Wikipedia's algorithm is designed to be run in parallel, such that all of the additions are completely independent of each other. It reads all the values in, adds to them, then writes them back into the array, all in parallel. In your version, when you execute x[j]=x[j]+x[j-t], you're using the x[j-t] that you just added to, t iterations ago.
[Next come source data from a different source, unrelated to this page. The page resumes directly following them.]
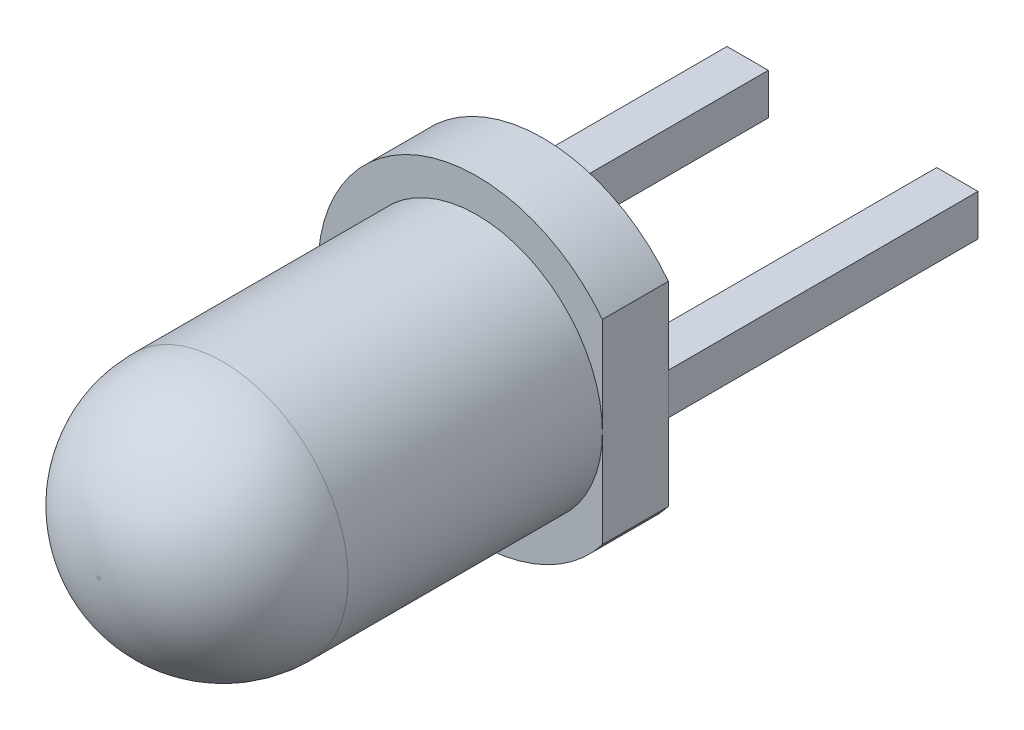
ISO-10303-21;
HEADER;
FILE_DESCRIPTION(('STEP AP214'),'2;1');
FILE_NAME('part.step','',(''),(''),'','','');
FILE_SCHEMA(('AUTOMOTIVE_DESIGN { 1 0 10303 214 1 1 1 1 }'));
ENDSEC;
DATA;
#1=APPLICATION_CONTEXT('core data for automotive mechanical design processes');
#2=APPLICATION_PROTOCOL_DEFINITION('international standard','automotive_design',2000,#1);
#3=PRODUCT_CONTEXT('',#1,'mechanical');
#4=PRODUCT('Part','Part','',(#3));
#5=PRODUCT_RELATED_PRODUCT_CATEGORY('part','',(#4));
#6=PRODUCT_DEFINITION_FORMATION('','',#4);
#7=PRODUCT_DEFINITION_CONTEXT('part definition',#1,'design');
#8=PRODUCT_DEFINITION('design','',#6,#7);
#9=PRODUCT_DEFINITION_SHAPE('','',#8);
#10=(LENGTH_UNIT() NAMED_UNIT(*) SI_UNIT(.MILLI.,.METRE.));
#11=(NAMED_UNIT(*) PLANE_ANGLE_UNIT() SI_UNIT($,.RADIAN.));
#12=(NAMED_UNIT(*) SI_UNIT($,.STERADIAN.) SOLID_ANGLE_UNIT());
#13=UNCERTAINTY_MEASURE_WITH_UNIT(LENGTH_MEASURE(1.E-05),#10,'distance_accuracy_value','');
#14=(GEOMETRIC_REPRESENTATION_CONTEXT(3) GLOBAL_UNCERTAINTY_ASSIGNED_CONTEXT((#13)) GLOBAL_UNIT_ASSIGNED_CONTEXT((#10,
#11,#12)) REPRESENTATION_CONTEXT('',''));
#15=CARTESIAN_POINT('',(0.,0.,0.));
#16=DIRECTION('',(0.,0.,1.));
#17=DIRECTION('',(1.,0.,0.));
#18=AXIS2_PLACEMENT_3D('',#15,#16,#17);
#19=CARTESIAN_POINT('',(0.,0.,5.39));
#20=DIRECTION('',(0.,0.,1.));
#21=DIRECTION('',(1.,0.,0.));
#22=AXIS2_PLACEMENT_3D('',#19,#20,#21);
#23=PLANE('',#22);
#24=CARTESIAN_POINT('',(0.,0.,5.39));
#25=DIRECTION('',(0.,0.,1.));
#26=DIRECTION('',(1.,0.,0.));
#27=AXIS2_PLACEMENT_3D('',#24,#25,#26);
#28=CIRCLE('',#27,0.02);
#29=CARTESIAN_POINT('',(0.02,0.,5.39));
#30=VERTEX_POINT('',#29);
#31=EDGE_CURVE('P0_E11',#30,#30,#28,.T.);
#32=ORIENTED_EDGE('',*,*,#31,.T.);
#33=EDGE_LOOP('',(#32));
#34=FACE_BOUND('',#33,.T.);
#35=ADVANCED_FACE('P0_F16',(#34),#23,.T.);
#36=CARTESIAN_POINT('',(1.52,0.,3.89));
#37=CARTESIAN_POINT('',(1.52,0.,4.125619449019));
#38=CARTESIAN_POINT('',(1.473746610581,0.,4.361242630973));
#39=CARTESIAN_POINT('',(1.381172946414,0.,4.584735226524));
#40=CARTESIAN_POINT('',(1.247268281961,0.,4.784052061599));
#41=CARTESIAN_POINT('',(0.914052061599,0.,5.117268281961));
#42=CARTESIAN_POINT('',(0.714735226524,0.,5.251172946414));
#43=CARTESIAN_POINT('',(0.491242630973,0.,5.343746610581));
#44=CARTESIAN_POINT('',(0.255619449019,0.,5.39));
#45=CARTESIAN_POINT('',(0.02,0.,5.39));
#46=(BOUNDED_CURVE() B_SPLINE_CURVE(5,(#36,#37,#38,#39,#40,#41,#42,#43,#44,#45),.UNSPECIFIED.,
.F.,.F.) B_SPLINE_CURVE_WITH_KNOTS((6,4,6),(0.,0.785398163397,1.570796326795),
.UNSPECIFIED.) CURVE() GEOMETRIC_REPRESENTATION_ITEM() RATIONAL_B_SPLINE_CURVE((1.,1.,1.,1.,1.,
1.,1.,1.,1.,1.)) REPRESENTATION_ITEM(''));
#47=CARTESIAN_POINT('',(0.,0.,3.89));
#48=DIRECTION('',(0.,0.,-1.));
#49=AXIS1_PLACEMENT('',#47,#48);
#50=SURFACE_OF_REVOLUTION('',#46,#49);
#51=CARTESIAN_POINT('',(0.02,0.,3.89));
#52=DIRECTION('',(0.,-1.,0.));
#53=DIRECTION('',(1.,0.,0.));
#54=AXIS2_PLACEMENT_3D('',#51,#52,#53);
#55=CIRCLE('',#54,1.5);
#56=CARTESIAN_POINT('',(1.52,0.,3.89));
#57=VERTEX_POINT('',#56);
#58=EDGE_CURVE('P0_E27',#57,#30,#55,.T.);
#59=ORIENTED_EDGE('',*,*,#58,.F.);
#60=CARTESIAN_POINT('',(0.,0.,3.89));
#61=DIRECTION('',(0.,0.,1.));
#62=DIRECTION('',(1.,0.,0.));
#63=AXIS2_PLACEMENT_3D('',#60,#61,#62);
#64=CIRCLE('',#63,1.52);
#65=EDGE_CURVE('P0_E243',#57,#57,#64,.T.);
#66=ORIENTED_EDGE('',*,*,#65,.T.);
#67=ORIENTED_EDGE('',*,*,#58,.T.);
#68=ORIENTED_EDGE('',*,*,#31,.F.);
#69=EDGE_LOOP('',(#59,#66,#67,#68));
#70=FACE_BOUND('',#69,.T.);
#71=ADVANCED_FACE('P0_F491',(#70),#50,.F.);
#72=CARTESIAN_POINT('',(0.04710743554143,0.,0.01));
#73=DIRECTION('',(0.,0.,-1.));
#74=DIRECTION('',(0.,-1.,0.));
#75=AXIS2_PLACEMENT_3D('',#72,#73,#74);
#76=PLANE('',#75);
#77=DIRECTION('',(1.,0.,0.));
#78=VECTOR('',#77,1.);
#79=CARTESIAN_POINT('',(-1.52,-0.25,0.01));
#80=LINE('',#79,#78);
#81=CARTESIAN_POINT('',(-1.52,-0.25,0.01));
#82=VERTEX_POINT('',#81);
#83=CARTESIAN_POINT('',(-1.02,-0.25,0.01));
#84=VERTEX_POINT('',#83);
#85=EDGE_CURVE('P0_E244',#82,#84,#80,.T.);
#86=ORIENTED_EDGE('',*,*,#85,.F.);
#87=DIRECTION('',(0.,-1.,0.));
#88=VECTOR('',#87,1.);
#89=CARTESIAN_POINT('',(-1.52,0.25,0.01));
#90=LINE('',#89,#88);
#91=CARTESIAN_POINT('',(-1.52,0.25,0.01));
#92=VERTEX_POINT('',#91);
#93=EDGE_CURVE('P0_E367',#92,#82,#90,.T.);
#94=ORIENTED_EDGE('',*,*,#93,.F.);
#95=DIRECTION('',(-1.,0.,0.));
#96=VECTOR('',#95,1.);
#97=CARTESIAN_POINT('',(-1.02,0.25,0.01));
#98=LINE('',#97,#96);
#99=CARTESIAN_POINT('',(-1.02,0.25,0.01));
#100=VERTEX_POINT('',#99);
#101=EDGE_CURVE('P0_E326',#100,#92,#98,.T.);
#102=ORIENTED_EDGE('',*,*,#101,.F.);
#103=DIRECTION('',(0.,1.,0.));
#104=VECTOR('',#103,1.);
#105=CARTESIAN_POINT('',(-1.02,-0.25,0.01));
#106=LINE('',#105,#104);
#107=EDGE_CURVE('P0_E348',#84,#100,#106,.T.);
#108=ORIENTED_EDGE('',*,*,#107,.F.);
#109=EDGE_LOOP('',(#86,#94,#102,#108));
#110=FACE_BOUND('',#109,.T.);
#111=ADVANCED_FACE('P0_F496',(#110),#76,.T.);
#112=CARTESIAN_POINT('',(0.,0.,0.81));
#113=DIRECTION('',(0.,0.,-1.));
#114=DIRECTION('',(1.,0.,0.));
#115=AXIS2_PLACEMENT_3D('',#112,#113,#114);
#116=CYLINDRICAL_SURFACE('',#115,1.52);
#117=CARTESIAN_POINT('',(0.,0.,0.81));
#118=DIRECTION('',(0.,0.,1.));
#119=DIRECTION('',(1.,0.,0.));
#120=AXIS2_PLACEMENT_3D('',#117,#118,#119);
#121=CIRCLE('',#120,1.52);
#122=CARTESIAN_POINT('',(1.52,0.,0.81));
#123=VERTEX_POINT('',#122);
#124=EDGE_CURVE('P0_E274',#123,#123,#121,.T.);
#125=ORIENTED_EDGE('',*,*,#124,.T.);
#126=DIRECTION('',(0.,0.,1.));
#127=VECTOR('',#126,1.);
#128=CARTESIAN_POINT('',(1.52,0.,0.81));
#129=LINE('',#128,#127);
#130=EDGE_CURVE('P0_E239',#123,#57,#129,.T.);
#131=ORIENTED_EDGE('',*,*,#130,.T.);
#132=ORIENTED_EDGE('',*,*,#65,.F.);
#133=ORIENTED_EDGE('',*,*,#130,.F.);
#134=EDGE_LOOP('',(#125,#131,#132,#133));
#135=FACE_BOUND('',#134,.T.);
#136=ADVANCED_FACE('P0_F505',(#135),#116,.T.);
#137=CARTESIAN_POINT('',(-1.52,-0.25,0.01));
#138=DIRECTION('',(0.,1.,0.));
#139=DIRECTION('',(1.,0.,0.));
#140=AXIS2_PLACEMENT_3D('',#137,#138,#139);
#141=PLANE('',#140);
#142=ORIENTED_EDGE('',*,*,#85,.T.);
#143=DIRECTION('',(0.,0.,1.));
#144=VECTOR('',#143,1.);
#145=CARTESIAN_POINT('',(-1.02,-0.25,0.01));
#146=LINE('',#145,#144);
#147=CARTESIAN_POINT('',(-1.02,-0.25,0.011));
#148=VERTEX_POINT('',#147);
#149=EDGE_CURVE('P0_E351',#84,#148,#146,.T.);
#150=ORIENTED_EDGE('',*,*,#149,.T.);
#151=DIRECTION('',(1.,0.,0.));
#152=VECTOR('',#151,1.);
#153=CARTESIAN_POINT('',(-1.52,-0.25,0.011));
#154=LINE('',#153,#152);
#155=CARTESIAN_POINT('',(-1.52,-0.25,0.011));
#156=VERTEX_POINT('',#155);
#157=EDGE_CURVE('P0_E267',#156,#148,#154,.T.);
#158=ORIENTED_EDGE('',*,*,#157,.F.);
#159=DIRECTION('',(0.,0.,1.));
#160=VECTOR('',#159,1.);
#161=CARTESIAN_POINT('',(-1.52,-0.25,0.01));
#162=LINE('',#161,#160);
#163=EDGE_CURVE('P0_E295',#82,#156,#162,.T.);
#164=ORIENTED_EDGE('',*,*,#163,.F.);
#165=EDGE_LOOP('',(#142,#150,#158,#164));
#166=FACE_BOUND('',#165,.T.);
#167=ADVANCED_FACE('P0_F508',(#166),#141,.F.);
#168=CARTESIAN_POINT('',(-1.52,0.25,0.01));
#169=DIRECTION('',(1.,0.,0.));
#170=DIRECTION('',(0.,1.,0.));
#171=AXIS2_PLACEMENT_3D('',#168,#169,#170);
#172=PLANE('',#171);
#173=ORIENTED_EDGE('',*,*,#93,.T.);
#174=ORIENTED_EDGE('',*,*,#163,.T.);
#175=DIRECTION('',(0.,-1.,0.));
#176=VECTOR('',#175,1.);
#177=CARTESIAN_POINT('',(-1.52,0.25,0.011));
#178=LINE('',#177,#176);
#179=CARTESIAN_POINT('',(-1.52,0.25,0.011));
#180=VERTEX_POINT('',#179);
#181=EDGE_CURVE('P0_E334',#180,#156,#178,.T.);
#182=ORIENTED_EDGE('',*,*,#181,.F.);
#183=DIRECTION('',(0.,0.,1.));
#184=VECTOR('',#183,1.);
#185=CARTESIAN_POINT('',(-1.52,0.25,0.01));
#186=LINE('',#185,#184);
#187=EDGE_CURVE('P0_E330',#92,#180,#186,.T.);
#188=ORIENTED_EDGE('',*,*,#187,.F.);
#189=EDGE_LOOP('',(#173,#174,#182,#188));
#190=FACE_BOUND('',#189,.T.);
#191=ADVANCED_FACE('P0_F522',(#190),#172,.F.);
#192=CARTESIAN_POINT('',(-1.02,-0.25,0.01));
#193=DIRECTION('',(-1.,0.,0.));
#194=DIRECTION('',(0.,0.,1.));
#195=AXIS2_PLACEMENT_3D('',#192,#193,#194);
#196=PLANE('',#195);
#197=ORIENTED_EDGE('',*,*,#107,.T.);
#198=DIRECTION('',(0.,0.,1.));
#199=VECTOR('',#198,1.);
#200=CARTESIAN_POINT('',(-1.02,0.25,0.01));
#201=LINE('',#200,#199);
#202=CARTESIAN_POINT('',(-1.02,0.25,0.011));
#203=VERTEX_POINT('',#202);
#204=EDGE_CURVE('P0_E352',#100,#203,#201,.T.);
#205=ORIENTED_EDGE('',*,*,#204,.T.);
#206=DIRECTION('',(0.,1.,0.));
#207=VECTOR('',#206,1.);
#208=CARTESIAN_POINT('',(-1.02,-0.25,0.011));
#209=LINE('',#208,#207);
#210=EDGE_CURVE('P0_E324',#148,#203,#209,.T.);
#211=ORIENTED_EDGE('',*,*,#210,.F.);
#212=ORIENTED_EDGE('',*,*,#149,.F.);
#213=EDGE_LOOP('',(#197,#205,#211,#212));
#214=FACE_BOUND('',#213,.T.);
#215=ADVANCED_FACE('P0_F501',(#214),#196,.F.);
#216=CARTESIAN_POINT('',(-1.02,0.25,0.01));
#217=DIRECTION('',(0.,-1.,0.));
#218=DIRECTION('',(0.,0.,-1.));
#219=AXIS2_PLACEMENT_3D('',#216,#217,#218);
#220=PLANE('',#219);
#221=ORIENTED_EDGE('',*,*,#101,.T.);
#222=ORIENTED_EDGE('',*,*,#187,.T.);
#223=DIRECTION('',(-1.,0.,0.));
#224=VECTOR('',#223,1.);
#225=CARTESIAN_POINT('',(-1.02,0.25,0.011));
#226=LINE('',#225,#224);
#227=EDGE_CURVE('P0_E229',#203,#180,#226,.T.);
#228=ORIENTED_EDGE('',*,*,#227,.F.);
#229=ORIENTED_EDGE('',*,*,#204,.F.);
#230=EDGE_LOOP('',(#221,#222,#228,#229));
#231=FACE_BOUND('',#230,.T.);
#232=ADVANCED_FACE('P0_F550',(#231),#220,.F.);
#233=CARTESIAN_POINT('',(0.04710743554143,0.,0.81));
#234=DIRECTION('',(0.,0.,-1.));
#235=DIRECTION('',(0.,-1.,0.));
#236=AXIS2_PLACEMENT_3D('',#233,#234,#235);
#237=PLANE('',#236);
#238=DIRECTION('',(0.,-1.,0.));
#239=VECTOR('',#238,1.);
#240=CARTESIAN_POINT('',(1.52,1.181196427357,0.81));
#241=LINE('',#240,#239);
#242=CARTESIAN_POINT('',(1.52,-1.181196427357,0.81));
#243=VERTEX_POINT('',#242);
#244=EDGE_CURVE('P0_E223',#123,#243,#241,.T.);
#245=ORIENTED_EDGE('',*,*,#244,.F.);
#246=ORIENTED_EDGE('',*,*,#124,.F.);
#247=DIRECTION('',(0.,-1.,0.));
#248=VECTOR('',#247,1.);
#249=CARTESIAN_POINT('',(1.52,1.181196427357,0.81));
#250=LINE('',#249,#248);
#251=CARTESIAN_POINT('',(1.52,1.181196427357,0.81));
#252=VERTEX_POINT('',#251);
#253=EDGE_CURVE('P0_E218',#252,#123,#250,.T.);
#254=ORIENTED_EDGE('',*,*,#253,.F.);
#255=CARTESIAN_POINT('',(0.,0.,0.81));
#256=DIRECTION('',(0.,0.,1.));
#257=DIRECTION('',(1.,0.,0.));
#258=AXIS2_PLACEMENT_3D('',#255,#256,#257);
#259=CIRCLE('',#258,1.925);
#260=EDGE_CURVE('P0_E307',#252,#243,#259,.T.);
#261=ORIENTED_EDGE('',*,*,#260,.T.);
#262=EDGE_LOOP('',(#245,#246,#254,#261));
#263=FACE_BOUND('',#262,.T.);
#264=ADVANCED_FACE('P0_F553',(#263),#237,.F.);
#265=CARTESIAN_POINT('',(-1.52,-0.349,0.011));
#266=DIRECTION('',(1.,0.,0.));
#267=DIRECTION('',(0.,0.,1.));
#268=AXIS2_PLACEMENT_3D('',#265,#266,#267);
#269=CYLINDRICAL_SURFACE('',#268,0.099);
#270=CARTESIAN_POINT('',(-1.619,-0.349,0.011));
#271=DIRECTION('',(-0.707106781186548,0.707106781186548,0.));
#272=DIRECTION('',(0.707106781186548,0.707106781186548,0.));
#273=AXIS2_PLACEMENT_3D('',#270,#271,#272);
#274=ELLIPSE('',#273,0.140007142675,0.099);
#275=CARTESIAN_POINT('',(-1.619,-0.349,0.11));
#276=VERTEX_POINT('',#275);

If you really want to reproduce Wikipedia's algorithm, here's one way, but be warned it will be much slower than the intuitive way above, unless you are using a parallelizing compiler and a computer with a whole bunch of processors.
int main() {
int x[16]={39,21,20,50,13,18,2,33,49,39,47,15,30,47,24,1};
int y[16];
int n=sizeof(x)/sizeof(int);
for (int i=0;i<=(Log(n)-1);i++){
for (int j=0;j<=n-1;j++){
y[j] = x[j];
if (j>=(powf(2,i))){
int t=powf(2,i);
y[j] += x[j-t];
}
}
for (int j=0;j<=n-1;j++){
x[j] = y[j];
}
}
for (int i=0;i<n;i++)
cout<<x[i]<< " ";
cout<<endl;
}
Side notes: You can use 1<<i instead of powf(2,i), for speed. And as ergosys mentioned, your Log() function needs work; the values it returns are too high, which won't affect the partial sum's result in this case, but will make it take longer.